#### Records excerpted from a collection:
======

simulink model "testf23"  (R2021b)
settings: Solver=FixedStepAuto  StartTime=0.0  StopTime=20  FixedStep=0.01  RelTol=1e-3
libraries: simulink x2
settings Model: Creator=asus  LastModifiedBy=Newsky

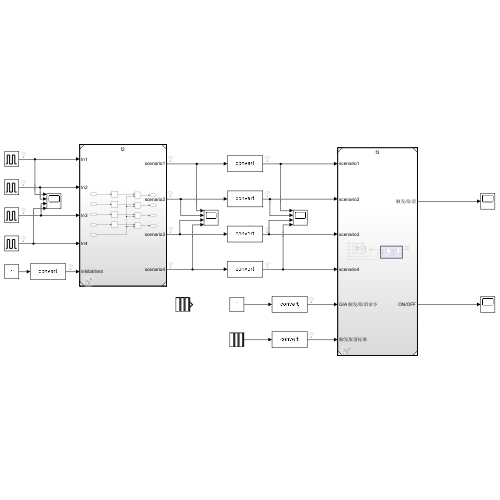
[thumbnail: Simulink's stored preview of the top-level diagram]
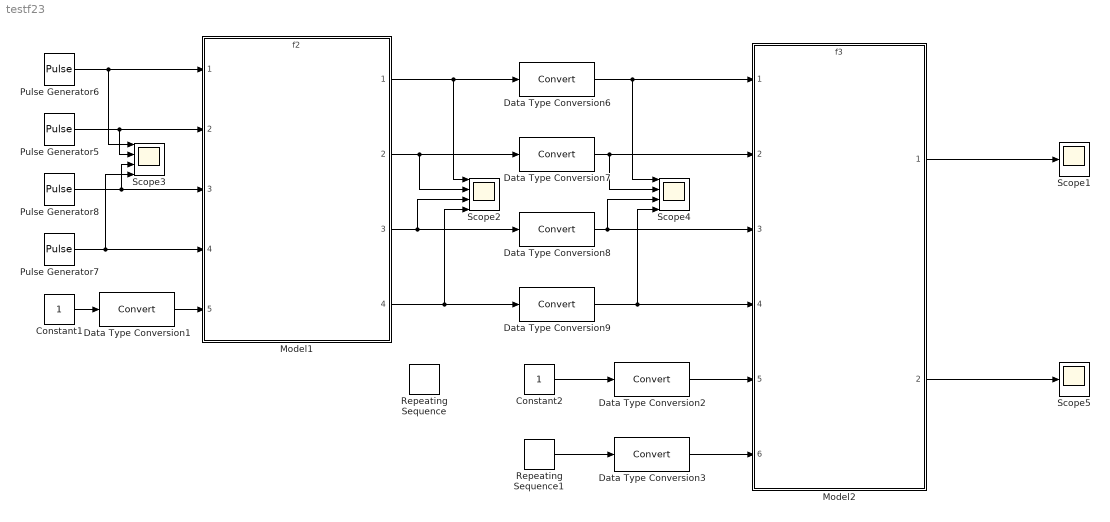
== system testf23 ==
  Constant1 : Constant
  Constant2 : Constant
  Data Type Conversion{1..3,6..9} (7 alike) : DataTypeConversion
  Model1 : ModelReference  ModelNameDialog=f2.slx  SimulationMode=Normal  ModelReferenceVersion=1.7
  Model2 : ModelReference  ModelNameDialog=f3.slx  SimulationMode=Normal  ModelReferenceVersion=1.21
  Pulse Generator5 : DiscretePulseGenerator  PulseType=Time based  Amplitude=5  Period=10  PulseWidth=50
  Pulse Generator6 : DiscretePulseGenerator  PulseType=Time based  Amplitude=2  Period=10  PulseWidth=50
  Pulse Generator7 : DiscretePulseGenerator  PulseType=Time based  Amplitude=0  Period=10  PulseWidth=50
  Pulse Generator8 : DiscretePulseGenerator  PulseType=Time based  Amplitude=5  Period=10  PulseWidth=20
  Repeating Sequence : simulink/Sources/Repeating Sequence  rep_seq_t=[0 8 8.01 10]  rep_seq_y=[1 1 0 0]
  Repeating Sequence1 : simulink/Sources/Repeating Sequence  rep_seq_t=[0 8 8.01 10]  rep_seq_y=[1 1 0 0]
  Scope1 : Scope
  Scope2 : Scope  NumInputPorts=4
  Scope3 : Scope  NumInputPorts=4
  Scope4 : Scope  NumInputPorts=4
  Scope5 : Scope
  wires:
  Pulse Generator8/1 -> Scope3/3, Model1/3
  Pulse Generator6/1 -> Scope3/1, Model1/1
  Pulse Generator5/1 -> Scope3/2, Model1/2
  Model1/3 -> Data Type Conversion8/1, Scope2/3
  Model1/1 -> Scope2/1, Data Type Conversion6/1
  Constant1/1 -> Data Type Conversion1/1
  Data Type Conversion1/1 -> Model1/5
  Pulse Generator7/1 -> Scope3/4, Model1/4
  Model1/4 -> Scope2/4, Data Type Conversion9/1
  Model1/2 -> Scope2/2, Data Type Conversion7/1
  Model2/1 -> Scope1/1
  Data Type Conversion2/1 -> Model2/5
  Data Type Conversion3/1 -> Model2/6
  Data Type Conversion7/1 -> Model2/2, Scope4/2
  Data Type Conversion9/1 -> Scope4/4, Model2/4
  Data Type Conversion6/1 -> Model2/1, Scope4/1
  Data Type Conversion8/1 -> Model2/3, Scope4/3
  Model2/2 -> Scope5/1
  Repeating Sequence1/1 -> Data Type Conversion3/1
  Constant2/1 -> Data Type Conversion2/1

======

#### WHAT YOU WILL DO:
The entries above need to be transcribed exactly, with the images left out.

#### OUTPUT BELOW:
simulink model "testf23"  (R2021b)
settings: Solver=FixedStepAuto  StartTime=0.0  StopTime=20  FixedStep=0.01  RelTol=1e-3
libraries: simulink x2
settings Model: Creator=asus  LastModifiedBy=Newsky

[thumbnail: Simulink's stored preview of the top-level diagram]
== system testf23 ==
  Constant1 : Constant
  Constant2 : Constant
  Data Type Conversion{1..3,6..9} (7 alike) : DataTypeConversion
  Model1 : ModelReference  ModelNameDialog=f2.slx  SimulationMode=Normal  ModelReferenceVersion=1.7
  Model2 : ModelReference  ModelNameDialog=f3.slx  SimulationMode=Normal  ModelReferenceVersion=1.21
  Pulse Generator5 : DiscretePulseGenerator  PulseType=Time based  Amplitude=5  Period=10  PulseWidth=50
  Pulse Generator6 : DiscretePulseGenerator  PulseType=Time based  Amplitude=2  Period=10  PulseWidth=50
  Pulse Generator7 : DiscretePulseGenerator  PulseType=Time based  Amplitude=0  Period=10  PulseWidth=50
  Pulse Generator8 : DiscretePulseGenerator  PulseType=Time based  Amplitude=5  Period=10  PulseWidth=20
  Repeating Sequence : simulink/Sources/Repeating Sequence  rep_seq_t=[0 8 8.01 10]  rep_seq_y=[1 1 0 0]
  Repeating Sequence1 : simulink/Sources/Repeating Sequence  rep_seq_t=[0 8 8.01 10]  rep_seq_y=[1 1 0 0]
  Scope1 : Scope
  Scope2 : Scope  NumInputPorts=4
  Scope3 : Scope  NumInputPorts=4
  Scope4 : Scope  NumInputPorts=4
  Scope5 : Scope
  wires:
  Pulse Generator8/1 -> Scope3/3, Model1/3
  Pulse Generator6/1 -> Scope3/1, Model1/1
  Pulse Generator5/1 -> Scope3/2, Model1/2
  Model1/3 -> Data Type Conversion8/1, Scope2/3
  Model1/1 -> Scope2/1, Data Type Conversion6/1
  Constant1/1 -> Data Type Conversion1/1
  Data Type Conversion1/1 -> Model1/5
  Pulse Generator7/1 -> Scope3/4, Model1/4
  Model1/4 -> Scope2/4, Data Type Conversion9/1
  Model1/2 -> Scope2/2, Data Type Conversion7/1
  Model2/1 -> Scope1/1
  Data Type Conversion2/1 -> Model2/5
  Data Type Conversion3/1 -> Model2/6
  Data Type Conversion7/1 -> Model2/2, Scope4/2
  Data Type Conversion9/1 -> Scope4/4, Model2/4
  Data Type Conversion6/1 -> Model2/1, Scope4/1
  Data Type Conversion8/1 -> Model2/3, Scope4/3
  Model2/2 -> Scope5/1
  Repeating Sequence1/1 -> Data Type Conversion3/1
  Constant2/1 -> Data Type Conversion2/1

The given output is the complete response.